What this task involves => Across the whole listing, filter for the string "distance" and copy every line that has it.

Data for this task =>
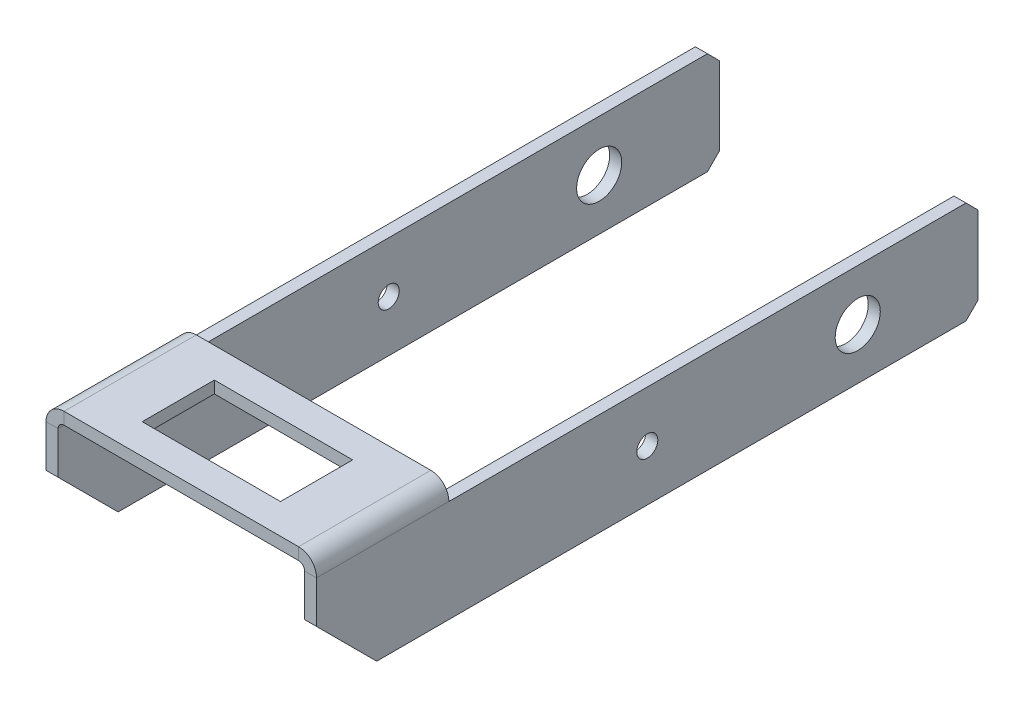
SolidWorks part; units mm, degrees
note: The reader was unsure of these and kept them because the rebuilt part matched: flange length of "Edge-Flange1".
ref_plane "Front Plane" through (0, 0, 0) normal (0, 0, 1) x (1, 0, 0)
ref_plane "Top Plane" through (0, 0, 0) normal (0, 1, 0) x (1, 0, 0)
ref_plane "Right Plane" through (0, 0, 0) normal (1, 0, 0) x (0, 0, -1)
sketch "Sketch1" plane through (0, 0, 0) normal (0, 1, 0) x (1, 0, 0)
  line L1 (0, 0) -> (45, 0)
  line L2 (0, 0) -> (0, 22)
  line L3 (0, 22) -> (45, 22)
  line L4 (45, 0) -> (45, 22)
  dimension "D1" = 22
  dimension "D2" = 45
base flange "Base-Flange1" sketch "Sketch1" thickness 2 reverse thickness direction yes parameters "D1"=1
edge flange "Edge-Flange1" sketch "Sketch22" flange profiles "Sketch22", "Sketch23" flange angle 90 flange length 20 flange position material inside bend radius 1 thickness 2 relief rectangular parameters "D6"=10, "D8"=1
sketch "Sketch22" plane through (45, 0, 0) normal (1, 0, 0) x (0, 0, 1)
  line L0 (0, 0) -> (-22, 0) construction
  line L1 (0, 0) -> (-110, 0)
  line L2 (-110, 0) -> (-110, 18)
  line L3 (-110, 18) -> (0, 18)
  line L4 (0, 18) -> (0, 0)
  dimension "D1" = 110
sketch "Sketch23" plane through (0, 0, 0) normal (-1, 0, 0) x (0, 0, -1)
  line L0 (22, 0) -> (0, 0) construction
  line L1 (110, 0) -> (0, 0)
  line L2 (0, 0) -> (0, 18)
  line L3 (0, 18) -> (110, 18)
  line L4 (110, 18) -> (110, 0)
  dimension "D1" = 110
bend "EdgeBend1" bend radius 1 bend angle 90 parameters "D5"=1
bend "EdgeBend2" bend radius 1 bend angle 90 parameters "D5"=2
sketch "Sketch24" plane through (45, 0, 0) normal (1, 0, 0) x (0, 0, -1)
  line L0 (110, -9.5) -> (90, -9.5) construction
  line L1 (110, -18) -> (110, -1) construction
  line L2 (0, -1) -> (0, -18) construction
  circle A0 centre (90, -9.5) radius 3.75
  dimension "D1" = 7.5
  dimension "D2" = 90
extrude "Cut-Extrude1" cut sketch "Sketch24" against normal blind 10 normal cut yes
sketch "Sketch25" plane through (0, 0, 0) normal (-1, 0, 0) x (0, 0, 1)
  line L0 (-110, -9.5) -> (-90, -9.5) construction
  line L1 (-110, -1) -> (-110, -18) construction
  line L2 (0, -18) -> (0, -1) construction
  circle A0 centre (-90, -9.5) radius 3.75
  dimension "D1" = 7.5
  dimension "D2" = 90
extrude "Cut-Extrude2" cut sketch "Sketch25" against normal blind 10 normal cut yes
sketch "Sketch26" plane through (0, 0, 0) normal (-1, 0, 0) x (0, 0, 1)
sketch "Sketch28" plane through (0, 0, 0) normal (-1, 0, 0) x (0, 0, 1)
  line L0 (-110, -9.5) -> (-55, -9.5) construction
  line L1 (-110, 0) -> (-110, -18) construction
  line L2 (-110, -1) -> (-110, -18) construction
  circle A0 centre (-55, -9.5) radius 1.75
  dimension "D1" = 55
  dimension "D2" = 3.5
extrude "Cut-Extrude3" cut sketch "Sketch28" against normal through all normal cut yes
sketch "Sketch29" plane through (0, 2, 0) normal (0, 1, 0) x (1, 0, 0)
  line L0 (22.5, 22) -> (22.5, 0) construction
  line L1 (0, 22) -> (45, 22) construction
  line L2 (3, 0) -> (42, 0) construction
  line L4 (11, 5) -> (34, 5)
  line L5 (11, 5) -> (11, 17)
  line L6 (11, 17) -> (34, 17)
  line L7 (34, 5) -> (34, 17)
  line L8 (11, 5) -> (34, 17) construction
  line L9 (11, 17) -> (34, 5) construction
  point P6 (22.5, 11)
  dimension "D1" = 23
  dimension "D2" = 12
extrude "Cut-Extrude4" cut sketch "Sketch29" against normal blind 10 normal cut yes
chamfer "Chamfer1" distance 2 angle 45 4 edges at (44, -18, -110) (44, -1, -110) (1, -18, -110) (1, -1, -110)
chamfer "Chamfer2" distance 10 angle 45 2 edges at (1, -18, 0) (44, -18, 0)
sketch "Bend-Lines1" [suppressed] plane through (0, 0, 0) normal (0, 1, 0) x (1, 0, 0)
sketch "Bounding-Box1" [suppressed] plane through (0, 0, 0) normal (0, 1, 0) x (1, 0, 0)
sheet metal parameters "Sheet-Metal1" thickness 2 parameters "D1"=0.7366
flat pattern "Flat-Pattern1" [suppressed]
sketch "Bend-Lines2" plane through (0, 0, 0) normal (0, 1, 0) x (1, 0, 0)
sketch3d "Bounding-Box2" [suppressed]
  line L0 (-40, 22, 0) -> (0, 22, 0) construction
  line L1 (-40, 0, 0) -> (0, 0, 0) construction
  line L2 (-40, 22, 0) -> (-40, 0, 0) construction
  line L3 (0, 22, 0) -> (0, 0, 0) construction
sheet metal parameters "Sheet-Metal2" thickness 2 parameters "D1"=0.7366
flat pattern "Flat-Pattern1"
sketch "Bend-Lines2" plane through (0, 0, 0) normal (0, -1, 0) x (-1, 0, 0)
  line L0 (-1.4292, 0) -> (-1.4292, 22) construction
  line L1 (-38.5708, 22) -> (-38.5708, 0) construction
  line L2 (-1.4292, 0) -> (-1.4292, 22) construction
  line L3 (-38.5708, 22) -> (-38.5708, 0) construction
sketch3d "Bounding-Box2" [suppressed]
  line L0 (17.1416, 0, 0) -> (17.1416, 110, 0) construction
  line L1 (-57.1416, 0, 0) -> (-57.1416, 110, 0) construction
  line L2 (17.1416, 0, 0) -> (-57.1416, 0, 0) construction
  line L3 (17.1416, 110, 0) -> (-57.1416, 110, 0) construction
bend of the flat pattern "Flatten-<EdgeBend1>1"
bend of the flat pattern "Flatten-<EdgeBend2>1"
sheet metal parameters "Sheet-Metal3" thickness 2 parameters "D1"=0.7366
flat pattern "Flat-Pattern1"
sketch "Bend-Lines2" plane through (0, 0, 0) normal (0, -1, 0) x (-1, 0, 0)
  line L0 (-1.4292, 0) -> (-1.4292, 22) construction
  line L1 (-38.5708, 22) -> (-38.5708, 0) construction
  line L2 (-1.4292, 0) -> (-1.4292, 22) construction
  line L3 (-38.5708, 22) -> (-38.5708, 0) construction
sketch3d "Bounding-Box2" [suppressed]
  line L0 (17.1416, 0, 0) -> (17.1416, 110, 0) construction
  line L1 (-57.1416, 0, 0) -> (-57.1416, 110, 0) construction
  line L2 (17.1416, 0, 0) -> (-57.1416, 0, 0) construction
  line L3 (17.1416, 110, 0) -> (-57.1416, 110, 0) construction
bend of the flat pattern "Flatten-<EdgeBend1>1"
bend of the flat pattern "Flatten-<EdgeBend2>1"
sheet metal parameters "Sheet-Metal4" thickness 2 parameters "D1"=0.7366
flat pattern "Flat-Pattern1" [suppressed]
sketch "Bend-Lines2" plane through (0, 0, 0) normal (0, -1, 0) x (-1, 0, 0)
  line L0 (-1.4292, 0) -> (-1.4292, 22) construction
  line L1 (-38.5708, 22) -> (-38.5708, 0) construction
  line L2 (-1.4292, 0) -> (-1.4292, 22) construction
  line L3 (-38.5708, 22) -> (-38.5708, 0) construction
sketch3d "Bounding-Box2" [suppressed]
  line L0 (17.1416, 0, 0) -> (17.1416, 110, 0) construction
  line L1 (-57.1416, 0, 0) -> (-57.1416, 110, 0) construction
  line L2 (17.1416, 0, 0) -> (-57.1416, 0, 0) construction
  line L3 (17.1416, 110, 0) -> (-57.1416, 110, 0) construction
bend of the flat pattern "Flatten-<EdgeBend1>1"
bend of the flat pattern "Flatten-<EdgeBend2>1"
sketch "Sketch26-1" [suppressed] plane through (0.8584, 2, 0) normal (0, 1, 0) x (0, 0, 1)
sheet metal parameters "Sheet-Metal5" thickness 2 parameters "D1"=0.7366
flat pattern "Flat-Pattern1" [suppressed]
sketch "Bend-Lines2" plane through (0, 0, 0) normal (0, -1, 0) x (-1, 0, 0)
  line L0 (-1.4292, 0) -> (-1.4292, 22) construction
  line L1 (-38.5708, 22) -> (-38.5708, 0) construction
  line L2 (-1.4292, 0) -> (-1.4292, 22) construction
  line L3 (-38.5708, 22) -> (-38.5708, 0) construction
sketch3d "Bounding-Box2" [suppressed]
  line L0 (17.1416, 0, 0) -> (17.1416, 110, 0) construction
  line L1 (-57.1416, 0, 0) -> (-57.1416, 110, 0) construction
  line L2 (17.1416, 0, 0) -> (-57.1416, 0, 0) construction
  line L3 (17.1416, 110, 0) -> (-57.1416, 110, 0) construction
bend of the flat pattern "Flatten-<EdgeBend1>1"
bend of the flat pattern "Flatten-<EdgeBend2>1"
sketch "Sketch26-1" [suppressed] plane through (0.8584, 2, 0) normal (0, 1, 0) x (0, 0, 1)
sheet metal parameters "Sheet-Metal6" thickness 2 parameters "D1"=0.7366
flat pattern "Flat-Pattern1" [suppressed]
sketch "Bend-Lines2" plane through (0, 0, 0) normal (0, -1, 0) x (-1, 0, 0)
  line L0 (-1.4292, 0) -> (-1.4292, 22) construction
  line L1 (-43.5708, 22) -> (-43.5708, 0) construction
  line L2 (-1.4292, 0) -> (-1.4292, 22) construction
  line L3 (-43.5708, 22) -> (-43.5708, 0) construction
sketch3d "Bounding-Box2" [suppressed]
  line L0 (17.1416, 0, 0) -> (17.1416, 110, 0) construction
  line L1 (-62.1416, 0, 0) -> (-62.1416, 110, 0) construction
  line L2 (17.1416, 0, 0) -> (-62.1416, 0, 0) construction
  line L3 (17.1416, 110, 0) -> (-62.1416, 110, 0) construction
bend of the flat pattern "Flatten-<EdgeBend1>1"
bend of the flat pattern "Flatten-<EdgeBend2>1"
sketch "Sketch26-1" plane through (0.8584, 2, 0) normal (0, 1, 0) x (0, 0, 1)

Result of the task =>
chamfer "Chamfer1" distance 2 angle 45 4 edges at (44, -18, -110) (44, -1, -110) (1, -18, -110) (1, -1, -110)
chamfer "Chamfer2" distance 10 angle 45 2 edges at (1, -18, 0) (44, -18, 0)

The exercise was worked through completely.